-- Opening Marker --

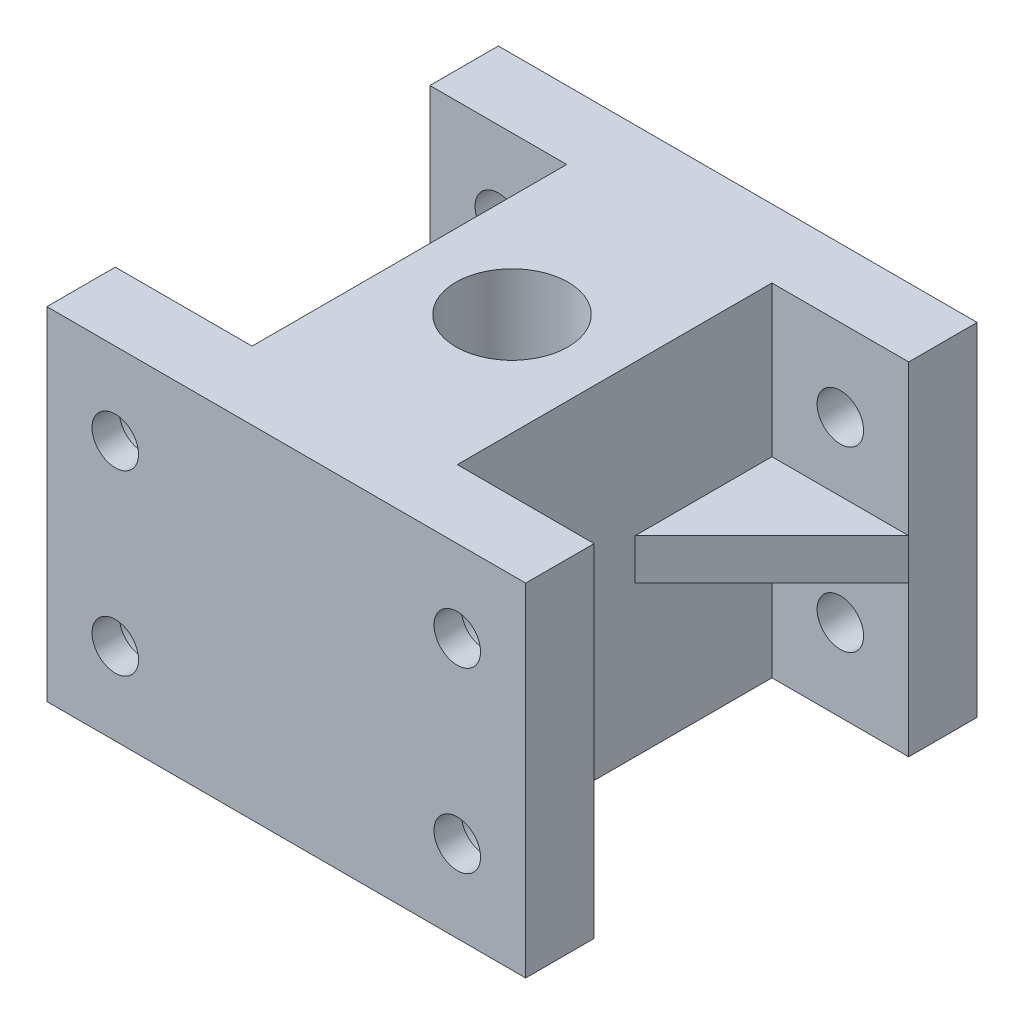
from build123d import *

# Parameters (mm, degrees)
SKETCH1_W           = 35
SKETCH1_H           = 25
SKETCH1_R           = 1.7
BOSS_EXTRUDE1_DEPTH = 5
BOSS_EXTRUDE2_DEPTH = 25
SKETCH4_R           = 1.7
CUT_EXTRUDE1_DEPTH  = 5
SKETCH5_R           = 3
SKETCH5_R_2         = 1.7
CUT_EXTRUDE3_DEPTH  = 3
BOSS_EXTRUDE3_DEPTH = 2
BOSS_EXTRUDE4_DEPTH = 1.5


with BuildPart() as part:
    # Sketch1 → Boss-Extrude1 (new body)
    with BuildSketch(Plane.XY):
        with Locations((10.173766162, 223.42362241)):
            Rectangle(SKETCH1_W, SKETCH1_H)
        with Locations((22.673766162, 216.923622409)):
            Circle(SKETCH1_R, mode=Mode.SUBTRACT)
        with Locations((22.673766162, 229.923622409)):
            Circle(SKETCH1_R, mode=Mode.SUBTRACT)
        with Locations((-2.326233838, 229.923622409)):
            Circle(SKETCH1_R, mode=Mode.SUBTRACT)
        with Locations((-2.326233838, 216.923622409)):
            Circle(SKETCH1_R, mode=Mode.SUBTRACT)
    extrude(amount=BOSS_EXTRUDE1_DEPTH)

    # Sketch3 → Boss-Extrude2 (add)
    with BuildSketch(Plane.XZ.offset(-210.92362241)):
        with BuildLine():
            Line((17.673766162, 28), (2.673766162, 28))
            Line((2.673766162, 28), (2.673766162, 16.5))
            Line((2.673766162, 16.5), (6.073766162, 16.5))
            ThreePointArc((6.073766162, 16.5), (10.173766162, 20.6), (14.273766162, 16.5))
            Line((14.273766162, 16.5), (17.673766162, 16.5))
            Line((17.673766162, 16.5), (17.673766162, 28))
        make_face()
        with BuildLine():
            Line((6.073766162, 16.5), (2.673766162, 16.5))
            Line((2.673766162, 16.5), (2.673766162, 5))
            Line((2.673766162, 5), (17.673766162, 5))
            Line((17.673766162, 5), (17.673766162, 16.5))
            Line((17.673766162, 16.5), (14.273766162, 16.5))
            ThreePointArc((14.273766162, 16.5), (10.173766162, 12.4), (6.073766162, 16.5))
        make_face()
        Polygon((27.673766162, 33), (-7.326233838, 33), (-7.326233838, 28), (2.673766162, 28), (17.673766162, 28), (27.673766162, 28), align=None)
    extrude(amount=-BOSS_EXTRUDE2_DEPTH)

    # Sketch4 → Cut-Extrude1 (cut)
    with BuildSketch(Plane(origin=(0, 0, 28), x_dir=(-1, 0, 0), z_dir=(0, 0, -1))):
        with Locations(Location((-22.673766162, 229.923622409, 0), (0, 0, 180))):
            Circle(SKETCH4_R)
        with Locations(Location((-22.673766162, 216.923622409, 0), (0, 0, 180))):
            Circle(SKETCH4_R)
        with Locations(Location((2.326233838, 229.923622409, 0), (0, 0, 180))):
            Circle(SKETCH4_R)
        with Locations(Location((2.326233838, 216.923622409, 0), (0, 0, 180))):
            Circle(SKETCH4_R)
    extrude(amount=-CUT_EXTRUDE1_DEPTH, mode=Mode.SUBTRACT)

    # Sketch5 → Cut-Extrude3 (cut)
    # profile 1 of 4: a face of its own
    with BuildSketch(Plane(origin=(0, 0, 28), x_dir=(-1, 0, 0), z_dir=(0, 0, -1))):
        with Locations((2.326233838, 216.923622409)):
            Circle(SKETCH5_R)
        with Locations((2.326233838, 216.923622409)):
            Circle(SKETCH5_R_2, mode=Mode.SUBTRACT)
    # profile 2 of 4: a face of its own
    with BuildSketch(Plane(origin=(0, 0, 28), x_dir=(-1, 0, 0), z_dir=(0, 0, -1))):
        with Locations((2.326233838, 229.923622409)):
            Circle(SKETCH5_R)
        with Locations((2.326233838, 229.923622409)):
            Circle(SKETCH5_R_2, mode=Mode.SUBTRACT)
    # profile 3 of 4: a face of its own
    with BuildSketch(Plane(origin=(0, 0, 28), x_dir=(-1, 0, 0), z_dir=(0, 0, -1))):
        with Locations((-22.673766162, 216.923622409)):
            Circle(SKETCH5_R)
        with Locations((-22.673766162, 216.923622409)):
            Circle(SKETCH5_R_2, mode=Mode.SUBTRACT)
    # profile 4 of 4: a face of its own
    with BuildSketch(Plane(origin=(0, 0, 28), x_dir=(-1, 0, 0), z_dir=(0, 0, -1))):
        with Locations((-22.673766162, 229.923622409)):
            Circle(SKETCH5_R)
        with Locations((-22.673766162, 229.923622409)):
            Circle(SKETCH5_R_2, mode=Mode.SUBTRACT)
    extrude(amount=-CUT_EXTRUDE3_DEPTH, mode=Mode.SUBTRACT)

    # Sketch6 → Boss-Extrude3 (add)
    with BuildSketch(Plane.XZ.offset(-210.92362241)):
        Polygon((-7.326233838, 0), (27.673766162, 0), (27.673766162, 5), (17.673766162, 5), (17.673766162, 28), (27.673766162, 28), (27.673766162, 33), (-7.326233838, 33), (-7.326233838, 28), (2.673766162, 28), (2.673766162, 5), (-7.326233838, 5), align=None)
    extrude(amount=-BOSS_EXTRUDE3_DEPTH)

    # Sketch7 → Boss-Extrude4 (add, symmetric)
    with BuildSketch(Plane(origin=(0, 223.42362241, 0), x_dir=(1, 0, 0), z_dir=(0, 1, 0))):
        Polygon((17.673766162, -28), (27.673766162, -28), (17.673766162, -18), align=None)
        Polygon((17.673766162, -5), (17.673766162, -15), (27.673766162, -5), align=None)
        Polygon((-7.326233838, -5), (2.673766162, -15), (2.673766162, -5), align=None)
        Polygon((2.673766162, -18), (-7.326233838, -28), (2.673766162, -28), align=None)
    extrude(amount=BOSS_EXTRUDE4_DEPTH, both=True)


solid = part.part

-- Closing Marker --

**The task**
Look in the material above for the line with "# Sketch6 → Boss-Extrude3 (add)" and the line with "(17.673766162, -18), align=None)", and transcribe exactly those lines and all lines between them, nothing more.

**Solution for this task**
    # Sketch6 → Boss-Extrude3 (add)
    with BuildSketch(Plane.XZ.offset(-210.92362241)):
        Polygon((-7.326233838, 0), (27.673766162, 0), (27.673766162, 5), (17.673766162, 5), (17.673766162, 28), (27.673766162, 28), (27.673766162, 33), (-7.326233838, 33), (-7.326233838, 28), (2.673766162, 28), (2.673766162, 5), (-7.326233838, 5), align=None)
    extrude(amount=-BOSS_EXTRUDE3_DEPTH)

    # Sketch7 → Boss-Extrude4 (add, symmetric)
    with BuildSketch(Plane(origin=(0, 223.42362241, 0), x_dir=(1, 0, 0), z_dir=(0, 1, 0))):
        Polygon((17.673766162, -28), (27.673766162, -28), (17.673766162, -18), align=None)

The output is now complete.